All the witnesses on the panel spoke in favor of the pipeline.

I came last. This fight at its heart was always about justice for those taking a stand against the unbridled power of energy companies and politicians. The marbled floors, wood-paneled walls and vaulted ceiling were the heart of that power. But it was also a world I knew. It was the piece I could add to the puzzle. And so I did.

“As much as we may wish otherwise,” I said, “there are no quick fixes by switching suppliers of our oil imports from one country to another and turning to extreme oil such as Canadian tar sands. There is only one way out. We need to get serious about the innovation in our transportation and fuel sectors that will create jobs here at home and provide Americans a healthier, cleaner, and more secure energy future.”

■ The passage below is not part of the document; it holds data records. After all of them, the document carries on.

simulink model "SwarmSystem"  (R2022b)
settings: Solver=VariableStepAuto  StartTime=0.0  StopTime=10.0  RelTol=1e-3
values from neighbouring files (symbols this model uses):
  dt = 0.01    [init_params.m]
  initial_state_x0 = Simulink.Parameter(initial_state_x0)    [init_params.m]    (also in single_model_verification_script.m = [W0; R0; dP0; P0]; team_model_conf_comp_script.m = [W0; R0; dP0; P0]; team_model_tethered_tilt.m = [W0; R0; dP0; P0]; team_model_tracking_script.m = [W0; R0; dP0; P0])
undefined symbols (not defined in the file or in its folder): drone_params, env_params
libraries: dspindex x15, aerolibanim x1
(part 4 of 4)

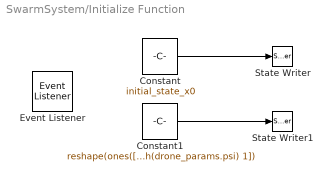
== system SwarmSystem/Initialize Function ==
  Constant : Constant  Value=initial_state_x0  VectorParams1D=off
  Constant1 : Constant  Value=reshape(ones([1 length(drone_params.psi)]) .* [0 0 0 0 1 1]', [6*length(drone_params.psi) 1])  VectorParams1D=off
  Event Listener : EventListener  DisableCoverage=on  EventName=reset
  State Writer : StateWriter  StateOwnerBlock=../../DroneState
  State Writer1 : StateWriter  StateOwnerBlock=../../InternalState
  wires:
  Constant/1 -> State Writer/1
  Constant1/1 -> State Writer1/1

== matlab function SwarmSystem/MATLAB Function3 ==
  data: R input; eulers output
function eulers = rotm2euler(R)
    psi = atan2(-R(1, 2), R(2, 2));    
    phi = atan2(R(3, 2), sqrt(abs(1-R(3, 2).^2)));
    theta = atan2(-R(3, 1), R(3, 3));
    eulers = [psi phi theta]';
end

== matlab function SwarmSystem/MATLAB Function5 ==
  data: zo input; drone_params parameter; vec output; env_params parameter
function vec = actuator_mixing(zo, drone_params, env_params)
    %% Parameters
    g = env_params.g; % gravity
    rho = env_params.rho; % kg/m3
    prop_d = env_params.prop_d; % 8 inch = 20.3 cm
    
    CT_u = env_params.CT_u; % upper propeller thrust coefficient
    CT_l = env_params.CT_l; % lower propeller thrust coefficient
    CP_u = env_params.CP_u; % upper propeller drag coefficient
    CP_l = env_params.CP_l; % lower propeller drag coefficient

    pos = drone_params.pos;
    psi = drone_params.psi;
    n = length(psi);

    Tf = zeros([n 1]);
    eta_x = zeros([n 1]);
    eta_y = zeros([n 1]);

    beta_allo = [CT_u CT_l; prop_d * CP_u -prop_d * CP_l];
    P_prop = rho * prop_d^4 * beta_allo;

    for i = 1:n
        % Actuator Model
        zi = zo(4 * (i - 1) + 1 : 4 * i);
        TfTdi = P_prop * zi(3:4, 1).^2;
        Tf(i) = TfTdi(1);
        eta_x(i) = zi(1);
        eta_y(i) = zi(2);
    end

    M = get_M(n, psi, pos);
    fi = get_f(eta_x, eta_y, Tf);
    vec = M * fi;
end

== matlab function SwarmSystem/MATLAB Function6 ==
  data: zo input; drone_params parameter; vec output; env_params parameter
function vec = actuator_mixing(zo, drone_params, env_params)
    %% Parameters
    g = env_params.g; % gravity
    rho = env_params.rho; % kg/m3
    prop_d = env_params.prop_d; % 8 inch = 20.3 cm
    
    CT_u = env_params.CT_u; % upper propeller thrust coefficient
    CT_l = env_params.CT_l; % lower propeller thrust coefficient
    CP_u = env_params.CP_u; % upper propeller drag coefficient
    CP_l = env_params.CP_l; % lower propeller drag coefficient

    pos = drone_params.pos;
    psi = drone_params.psi;
    n = length(psi);

    Tf = zeros([n 1]);
    eta_x = zeros([n 1]);
    eta_y = zeros([n 1]);

    beta_allo = [CT_u CT_l; prop_d * CP_u -prop_d * CP_l];
    P_prop = rho * prop_d^4 * beta_allo;

    for i = 1:n
        % Actuator Model
        zi = zo(4 * (i - 1) + 1 : 4 * i);
        TfTdi = P_prop * zi(3:4, 1).^2;
        Tf(i) = TfTdi(1);
        eta_x(i) = zi(1);
        eta_y(i) = zi(2);
    end

    M = get_M(n, psi, pos);
    fi = get_f(eta_x, eta_y, Tf);
    vec = M * fi;
end

== matlab function SwarmSystem/Actuator Compensator ==
  settings: updateMethod=DISCRETE  sampleTime=dt
  data: z input; z_d input; z_dc output; drone_params parameter; dt parameter
function z_dc = acutator_compensator(z, z_d, drone_params, dt)
    psi = drone_params.psi;
    n = length(psi);    
    
    mKp = drone_params.mKp; % Servo motor gain
    mKd = drone_params.mKd; % Servo motor gain
    pKp = drone_params.pKp; % BLDC motor gain

    sigma_x = drone_params.sigma_a;
    sigma_y = drone_params.sigma_b;
    z_dc = opt_compensator(n, z, z_d, sigma_x, sigma_y);
    %z_dc = compensator(n, z, z_d, dt, mKp, mKd, sigma_x, sigma_y);
end

function z_dc = opt_compensator(n, z, z_d, sigma_x, sigma_y)
    z_dc = z_d;
    for i=1:n
        zi = z(6*(i-1)+1 : 6*i);
        x_zi = [1 0 0 0 0 0; 0 0 1 0 0 0] * zi;
        v_zi = [0 1 0 0 0 0; 0 0 0 1 0 0] * zi;

        z_di = z_d(4*(i-1)+1 : 4*(i-1)+2);
        %z_dcr = -14.3636 * (x_zi-z_di) - 0.3070 * (v_zi-0) + 0.6924 * z_di;
        z_dcr = -28.0209 * (x_zi-z_di) -0.5379 * (v_zi-0) + 0.9971 * z_di;
        %z_dcr = -17.3915 * (x_zi-z_di) -0.4492 * (v_zi-0) + 0.8054 * z_di;
        %z_dcr = -11.8288 * (x_zi-z_di) -0.4958 * (v_zi-0) + 0.4905 * z_di;
        
        z_dcr(1) = min(sigma_x, max(-sigma_x, z_dcr(1)));
        z_dcr(2) = min(sigma_y, max(-sigma_y, z_dcr(2)));

        z_dc(4*(i-1)+1 : 4*(i-1)+2) = z_dcr;
    end
end

function z_dc = compensator(n, z, z_d, dt, mKp, mKd, sigma_x, sigma_y)
    w_n = sqrt(mKp);
    zeta = mKd / (2 * w_n);
    k = mKp;

    w_d = w_n * sqrt(1 - zeta^2);
    sigma = -zeta * w_n;

    C1 = (w_n / w_d) * exp(sigma * dt) * sin(w_d * dt + atan(w_d / -sigma));
    C2 = (exp(sigma * dt) / w_d) * sin(w_d * dt);
    C3 = (k / w_d) * (w_d + exp(sigma * dt) * (sigma*sin(w_d*dt) - w_d*cos(w_d*dt))) / w_n^2;

    z_dc = z_d;
    %return
    
    for i=1:n
        zi = z(6*(i-1)+1 : 6*i);
        x_zi = [1 0 0 0 0 0; 0 0 1 0 0 0] * zi;
        v_zi = [0 1 0 0 0 0; 0 0 0 1 0 0] * zi;

        z_di = z_d(4*(i-1)+1 : 4*(i-1)+2);
        delta_z_di = z_di - x_zi;

        M = (delta_z_di + (1-C3-C1)*x_zi - C2*v_zi) ./ (C3 * delta_z_di);
        z_dcr = x_zi + delta_z_di .* M;
        
        z_dcr(1) = min(sigma_x, max(-sigma_x, z_dcr(1)));
        z_dcr(2) = min(sigma_y, max(-sigma_y, z_dcr(2)));

        z_dc(4*(i-1)+1 : 4*(i-1)+2) = z_dcr;
    end
end

== matlab function SwarmSystem/MATLAB Function7 ==
  data: u input; alignment output; u_d input; error output
function [alignment, error] = metrices(u, u_d)
    error = norm(u_d - u) / norm(u_d);
    alignment = u' * u_d / (norm(u_d) * norm(u));
end

== matlab function SwarmSystem/MATLAB Function8 ==
  data: u input; alignment output; u_d input; error output
function [alignment, error] = metrices(u, u_d)
    error = norm(u_d - u) / norm(u_d);
    alignment = u' * u_d / (norm(u_d) * norm(u));
end

== matlab function SwarmSystem/Full-Pose Controller ==
  settings: updateMethod=DISCRETE  sampleTime=dt
  data: x_r input; u_d output size=[6 1]; R_r input; x input; env_params parameter; drone_params parameter; R_d output
function [u_d, R_d] = full_pose_controller(x_r, R_r, x, env_params, drone_params)
    m = drone_params.m; % Mass, Kg
    g = env_params.g;
    I_b = drone_params.I_b; % Leverage length from c.p. to c.g.
    
    % States
    p = x(16:18);
    v = x(13:15);
    R = reshape(x(4:12), [3 3]); % 3x3
    w = x(1:3);
    
    % Gain
    Kp = diag([1 1 1]) * 0.2 * 10;
    Kd = diag([1 1 1]) * 0.5 * 10;
    Kr = diag([1 1 1]) * 3 * 10;
    Ko = diag([1 1 1]) * 1 * 10;
    
    % % Translational error
    ep = p - x_r(1:3, 1);
    ev = v - x_r(1:3, 2);
    
    f_r = m * x_r(1:3, 3) + m*[0; 0; g] + m * (- Kp * ep - Kd * ev);
    u_f = R' * f_r;
    u_f = force_sat(drone_params, u_f);
    
    [R_d, theta] = calc_R_d(drone_params, f_r, R_r);
    %R_d = R_r;
    % w_d = vee(R_d' * d_R_d);
    
    % Attitude error
    eRx = 0.5 * (R_d' * R - R' * R_d);
    eR = vee(eRx);
    % eOmega = w - R' * R_d * w_d;
    eOmega = w;
    
    u_tau = cross(w, I_b * w) + I_b * ( - Kr * eR - Ko * eOmega);
    u_d = [u_f; u_tau];
end

function u_sat = force_sat(drone_params, u)
    psi = drone_params.psi;
    sigma_a = drone_params.sigma_a;
    f_max = drone_params.f_max;
    n = length(psi);

    n_x = sum(psi == 0);
    n_y = n - n_x;

    a = n_x * f_max + (n_y ~= 0) * u(3) * tan(sigma_a);
    b = n_y * f_max + (n_x ~= 0) * u(3) * tan(sigma_a);
    t = (a * b) / sqrt(u(1)^2 * b^2 + u(2)^2 * a^2);

    % Directional saturation
    u_sat = u;
    if t < 1
        u_sat(1:2) = t * u(1:2);
    end

    % Magnitude saturation
    roof_lim = n * drone_params.f_max;
    scale = norm(u_sat(1:3)) / roof_lim;
    if scale > 1
        u_sat(1:3) = u_sat(1:3) / scale;
    end
end

function [R_d, theta] = calc_R_d(drone_params, f_r, R_r)
    b1r = R_r(:, 1);
    b2r = R_r(:, 2);
    b3r = R_r(:, 3);
    [theta] = ctrl_sat_square_bisection(drone_params, 20, b1r, b3r, f_r);

    k = cross(b3r, f_r) / norm(cross(b3r, f_r));
    nb3 = rot_vec_by_theta(b3r, k, theta);
    nb2 = cross(nb3, b1r) / norm(cross(nb3, b1r));
    nb1 = cross(nb2, nb3);
    R_d = [nb1 nb2 nb3];
end

function [theta] = ctrl_sat_square_bisection(drone_params, n, b1r, b3r, f_r)
    %sigma_a = conf('sigma_a');
    b2r = cross(b3r, b1r);
    theta_max = acos(b3r' * f_r / norm(f_r));
    % theta_max = asin(norm(cross(b3r, f_r)) / norm(f_r));
    theta = theta_max / 2;
    % abs(f_r' * b2r)
    % f_r' * b3r * tan(sigma_a)
    % if abs(f_r' * b2r) > f_r' * b3r * tan(sigma_a)
    if ~is_attainable(drone_params, b1r, b2r, b3r, f_r)
        k = cross(b3r, f_r) / norm(cross(b3r, f_r));
        for i=1:n
            b3 = rot_vec_by_theta(b3r, k, theta);
            b2 = cross(b3, b1r) / norm(cross(b3, b1r));
            b1 = cross(b2, b3);
            % if abs(f_r' * b2) < f_r' * b3 * tan(sigma_a)
            if is_attainable(drone_params, b1, b2, b3, f_r)
                theta = theta - 0.5 * theta_max / (2^i);
            else
                theta = theta + 0.5 * theta_max / (2^i);
            end
            % fprintf("%d: %.4f\n", i, theta)
        end
    else
        theta = 0;
    end
end

function out = rot_vec_by_theta(vec, rot_axis, theta)
    out = vec * cos(theta) + cross(rot_axis, vec) * sin(theta) + rot_axis * (rot_axis' * vec) * (1 - cos(theta));
end

function feasible = is_attainable(drone_params, b1, b2, b3, f_r)
    feasible = elliptic_cone(drone_params, b1, b2, b3, f_r);
    % feasible = pie(conf, b1, b2, b3, f_r);
end

function feasible = elliptic_cone(drone_params, b1, b2, b3, f_r)
    n = length(drone_params.psi);
    f_max = drone_params.f_max;
    sigma_a = drone_params.sigma_a;
    sigma_b = drone_params.sigma_b;

    n_x = sum(drone_params.psi == 0);
    n_y = n - n_x;

    z = f_r' * b3;
    c_x = fun_g(n_x, sigma_b, z, f_max) + fun_g(n_y, sigma_a, z, f_max);
    c_y = fun_g(n_x, sigma_a, z, f_max) + fun_g(n_y, sigma_b, z, f_max);

    feasible = (z > 0) & (((f_r' * b1 / c_x)^2 + (f_r' * b2 / c_y)^2) <= 1);
end

function gk = fun_g(n_k, sigma_k_bar, z, f_max)
    if (sigma_k_bar >= pi / 2)
        gk = n_k * f_max;
    else
        gk = (n_k > 0) * z * tan(sigma_k_bar);
    end
end

== matlab function SwarmSystem/SwarmModel ==
  data: x input; z input; dxdt output; z_d input; dzdt output; env_params parameter; drone_params parameter
function [dxdt, dzdt] = swarm_model(x, z, z_d, env_params, drone_params)
    %% Parameters
    g = env_params.g; % gravity
    rho = env_params.rho; % kg/m3
    prop_d = env_params.prop_d; % 8 inch = 20.3 cm
    
    CT_u = env_params.CT_u; % upper propeller thrust coefficient
    CT_l = env_params.CT_l; % lower propeller thrust coefficient
    CP_u = env_params.CP_u; % upper propeller drag coefficient
    CP_l = env_params.CP_l; % lower propeller drag coefficient
    
    mKp = drone_params.mKp; % Servo motor gain
    mKd = drone_params.mKd; % Servo motor gain
    pKp = drone_params.pKp; % BLDC motor gain
    
    % Bounds
    sigma_x = drone_params.sigma_a;
    sigma_y = drone_params.sigma_b;
    r_sigma_x = drone_params.r_sigma_a;
    r_sigma_y = drone_params.r_sigma_b;
    
    % TODO:
    sigma_w0 = drone_params.sigma_w0;
    sigma_w = drone_params.prop_max;
    r_sigma_w = drone_params.r_sigma_w;
    r_f = drone_params.r_f;
    
    % Drone
    m = drone_params.m;
    I_b = drone_params.I_b; % Body Inertial
    
    pos = drone_params.pos;
    psi = drone_params.psi;
    n = length(psi);
    
    % State 
    W = x(1:3);
    I_R_B = reshape(x(4:12), [3 3]); % 3x3
    dP = x(13:15);
    P = x(16:18);
    
    dzdt = zeros([6 * n 1]);
    Tf = zeros([n 1]);
    eta_x = zeros([n 1]);
    eta_y = zeros([n 1]);

    
    %% Actuator Model
    [A_z, B_z, C_z] = gen_actuator_model(mKp, mKd, pKp);
    % Propeller model
    beta_allo = [CT_u CT_l; prop_d * CP_u -prop_d * CP_l];
    P_prop = rho * prop_d^4 * beta_allo;
    
    for i = 1:n
        % Actuator Model
        zi = z(6 * (i - 1) + 1 : 6 * i);
        z_di = z_d(4*(i-1)+1 : 4*i);

        z_low = [-sigma_x; -r_sigma_x; -sigma_y; -r_sigma_y; sigma_w0; sigma_w0];
        z_upp = [ sigma_x;  r_sigma_x;  sigma_y;  r_sigma_y;  sigma_w(1);  sigma_w(2)];
        
        % Saturation
        %z_low = [-sigma_x; -r_sigma_x; -sigma_y; -r_sigma_y; sigma_w0; -r_sigma_w];
        %z_upp = [ sigma_x;  r_sigma_x;  sigma_y;  r_sigma_y;  sigma_w;  r_sigma_w];
        zi = min(z_upp, max(z_low, zi));
        dzdti = A_z * zi + B_z * z_di;

        %r_prop_max = sqrt(inv(beta_allo) / (rho * prop_d^4)) * [r_f / (2 * sqrt(abs(Tf_d(i)))); 0];
        r_prop_max = r_sigma_w;
        dz_low = [-r_sigma_x; -inf; -r_sigma_x; -inf; -r_prop_max; -r_prop_max];
        dz_upp = [ r_sigma_x;  inf;  r_sigma_x;  inf;  r_prop_max;  r_prop_max];
        dzdti = min(dz_upp, max(dz_low, dzdti));
        reaching_bound_x = ((zi(1) < -sigma_x) && (dzdti(1) < 0)) || ((zi(1) > sigma_x) && (dzdti(1) > 0));
        reaching_bound_y = ((zi(3) < -sigma_y) && (dzdti(3) < 0)) || ((zi(3) > sigma_y) && (dzdti(3) > 0));
        reaching_bound_w = ((zi(5:6) <= 0) & (dzdti(5:6) <= 0)) | ((zi(5:6) >= sigma_w) & (dzdti(5:6) >= 0));
        dzdti(1) = (~reaching_bound_x) * dzdti(1);
        dzdti(3) = (~reaching_bound_y) * dzdti(3);
        dzdti(5:6) = (~reaching_bound_w) .* dzdti(5:6);

        %dzdt(6 * (i - 1) + 1 : 6 * i) = A_z * zi + B_z * z_d;
        dzdt(6 * (i - 1) + 1 : 6 * i) = dzdti;
    
        zio = C_z * zi;
        TfTdi = P_prop * zio(3:4, 1).^2;
        Tf(i) = TfTdi(1);
        eta_x(i) = zio(1);
        eta_y(i) = zio(2);
    end
    
    u = full_dof_mixing(pos, psi, eta_x, eta_y, Tf);
    
    % Translational
    I_thrust = I_R_B * u(1:3);
    ddP = ([0; 0; -m * g] + I_thrust) / m;
    
    % Rotational
    B_M = -cross(W, I_b * W) + u(4:6);
    dW = I_b \ B_M;
    dQ = reshape(I_R_B * skew(W), [9 1]);

dxdt = [dW; dQ; ddP; dP];
end

function [A_z, B_z, C_z] = gen_actuator_model(mKp, mKd, pKp)
A_z = [   0    1    0    0    0    0;
       -mKp -mKd    0    0    0    0;
          0    0    0    1    0    0;
          0    0 -mKp -mKd    0    0;
          0    0    0    0 -pKp    0;
          0    0    0    0    0 -pKp];
B_z = [   0    0    0    0;
        mKp    0    0    0;
          0    0    0    0;
          0  mKp    0    0;
          0    0  pKp    0;
          0    0    0  pKp];
C_z = [1 0 0 0 0 0;
       0 0 1 0 0 0;
       0 0 0 0 1 0;
       0 0 0 0 0 1];
end

function vec = full_dof_mixing(P, psi, a, b, tf)
    n = length(psi);
    M = get_M(n, psi, P);
    fi = get_f(a, b, tf);
    vec = M * fi;
end

== matlab function SwarmSystem/Control Allocation ==
  settings: updateMethod=DISCRETE  sampleTime=dt
  data: Tf_d output size=[9 1]; u_d input; eta_xd output; eta_yd output; z input; drone_params parameter; env_params parameter; dt parameter; N_esp output; incre output; packed_meta output; packed_detail output; packed_tw output; packed_intersections output; validness output; sat_order output
function [Tf_d, eta_xd, eta_yd, N_esp, incre, packed_meta, packed_detail, packed_tw, packed_intersections, validness, sat_order] = ControlAllocation(u_d, z, drone_params, env_params, dt)
    sigma_x = drone_params.sigma_a;
    sigma_y = drone_params.sigma_b;
    f_max = drone_params.f_max;

%     [Tf_d, eta_xd, eta_yd] = moore_penrose_allocator(env_params, drone_params, u_d, z, dt);
%     N_esp = 0; incre = 0; packed_meta = 0; validness = 0;
%     packed_meta=0; packed_detail=0; packed_tw=0; packed_intersections=0; sat_order=0;
    [Tf_d, eta_xd, eta_yd, N_esp, incre, packed_meta, packed_detail, packed_tw, packed_intersections, validness, sat_order] = redistributed_nonlinear_allocator(env_params, drone_params, u_d, z, dt);
    %[Tf_d, eta_xd, eta_yd] = allocator_interior_point(drone_params, u_d, z);

    Tf_d = min(f_max, max(0, Tf_d));
    eta_xd = min(sigma_x, max(-sigma_x, eta_xd));
    eta_yd = min(sigma_y, max(-sigma_y, eta_yd));
end

%%%%%%%%%%%%%%%%%%%%%%%%%%%%%%%%%%%%%%%%%%%%%%%%%%%%%%%%%%%%%%%%%%%%%%%%%%%

function [Tf_d, eta_xd, eta_yd] = allocator_interior_point(drone_params, u_d, z)
    % Configurations
    P = drone_params.pos;
    psi = drone_params.psi;
    sigma_x = drone_params.sigma_a;
    sigma_y = drone_params.sigma_b;
    f_max = drone_params.f_max;

    n = length(psi);
    W = eye(3*n);
    M = get_M(n, psi, P);

    x0 = zeros(3*n, 1);
    %Tf_d = zeros(n, 1);
    %u0 = get_f(a0, b0, f0);
%     u0 = [];
% 
    for i = 1:n
        x0(i * 3) = 10;
    end

    % x = fmincon(fun,    x0,  A,  b,Aeq,beq, lb, ub, nonlcon)
    options = optimoptions(@fmincon, 'Algorithm', 'sqp', 'Display', 'off');
    Fi = fmincon(@(x)costfun(n, x, M, u_d), x0, [], [], [], [], [], [], @(x)mycon(n, x, f_max, sigma_x, sigma_y), options);
    [Tf_d, eta_xd, eta_yd] = inverse_input(n, Fi);


    % constrain on angles
    function [c, ceq] = mycon(n, xx, f_max, sigma_x, sigma_y)
        [Fc, ac, bc] = inverse_input(n, xx);
        c = [-Fc;
            Fc - f_max;
            -sigma_x - ac;
            ac - sigma_x;
            -sigma_y - bc;
            bc - sigma_y];
        ceq = [];
    end
    
    function y = costfun(n, xx, M, u_d)
        Fi_f = reshape(xx, [3, n]);
        F_f = sqrt(sum(Fi_f.^2, 1))';
        y_f = F_f' * F_f;
    
        y = sum((M*xx - u_d).^2) + y_f;
        
        % y = F' * W * F + 0.01 * (x - u0)' * eye(30) * (x - u0);
    end
end

%%%%%%%%%%%%%%%%%%%%%%%%%%%%%%%%%%%%%%%%%%%%%%%%%%%%%%%%%%%%%%%%%%%%%%%%%%%

function [Tf_d, eta_xd, eta_yd, N_esp, c, packed_meta, packed_detail, packed_tw, packed_intersections, validness, sat_order] = redistributed_nonlinear_allocator(env_params, drone_params, u_d, z, dt)
    rate_cons = true;
    % Configurations
    P = drone_params.pos;
    psi = drone_params.psi;
    f_max = drone_params.f_max;
    pinv_tol = 0.0001;

    n = length(psi);
    M = get_M(n, psi, P);

    % Initialization
    N_esp = ones([n 1]);
    M_esp = M;
    c = 0;

    packed_detail = zeros([n, 3*n]);
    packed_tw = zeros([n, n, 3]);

“I have been there,” I testified, as I showed pictures of the destruction on a screen. “I have seen the damage. I have listened to courageous people who have suffered as they have stood up to big oil and the oil companies up in Alberta.”

“In Alberta, I met with First Nation communities and listened as they told the heartbreaking story of how cancer rates have increased as the tar sands operations have expanded. One elder told me that they pull their kids indoors whenever the air gets too noxious.”

The questions from members of Congress started coming. I persisted.

“Buying into a 50-year pipeline for oil that is three times the greenhouse gas emissions of conventional oil makes a mockery of the efforts that we all are pursuing to reduce our own emissions and pursue clean energy here at home.”

But, surely, said one member, what Canada does in producing the oil is Canada’s business, not ours.

“I think you can apply the same commonsense test here as raising your own kids,” I replied. “If your kid said, ‘Well, yeah. I participate in this but someone else actually is the one that did it. I encouraged them to do it,’ we wouldn’t say, ’Oh, that’s okay then.’’’

“We are part of this, too, and we have a say in this.”

Concluding the hearing, Chairman Mack, the fiercest proponent of the pipeline, addressed me. “Even though you might have felt outnumbered, you held your own, he said.” But no minds were changed. “I don’t agree, as you can imagine,” he finished.

There are some that minimize the Keystone fight in the evolution of climate politics. Some roll their eyes and think the Keystone fight wasn’t worth the fuss. I think otherwise. I have no doubt that this fight was an immensely powerful political awakening of a new generation of climate leaders who witnessed the change they made happen in the world.

It wasn’t just the fate of a pipeline that shifted, but a larger reckoning between the climate, justice, and energy agenda of a political party. For anyone who, like me, celebrates the cut of President Biden’s cloth on justice, climate and jobs, it would be difficult if not arrogant to simultaneously deem the threads of the Keystone fight to be irrelevant.

But those threads were not all positive. Defenders of the status quo have avidly exploited the Keystone fight to drive a wedge between environmentalists and workers.

The only way to solve climate change is by building a future that creates good-paying jobs with good benefits. Over the past decade, the growing partnership between blue and green has been an incredibly important evolution of the climate movement — in terms of both our combined agenda and our combined political power within the Democratic party.

Fortunately, we have a president ready to lead us forward on that shared path of what we can build together.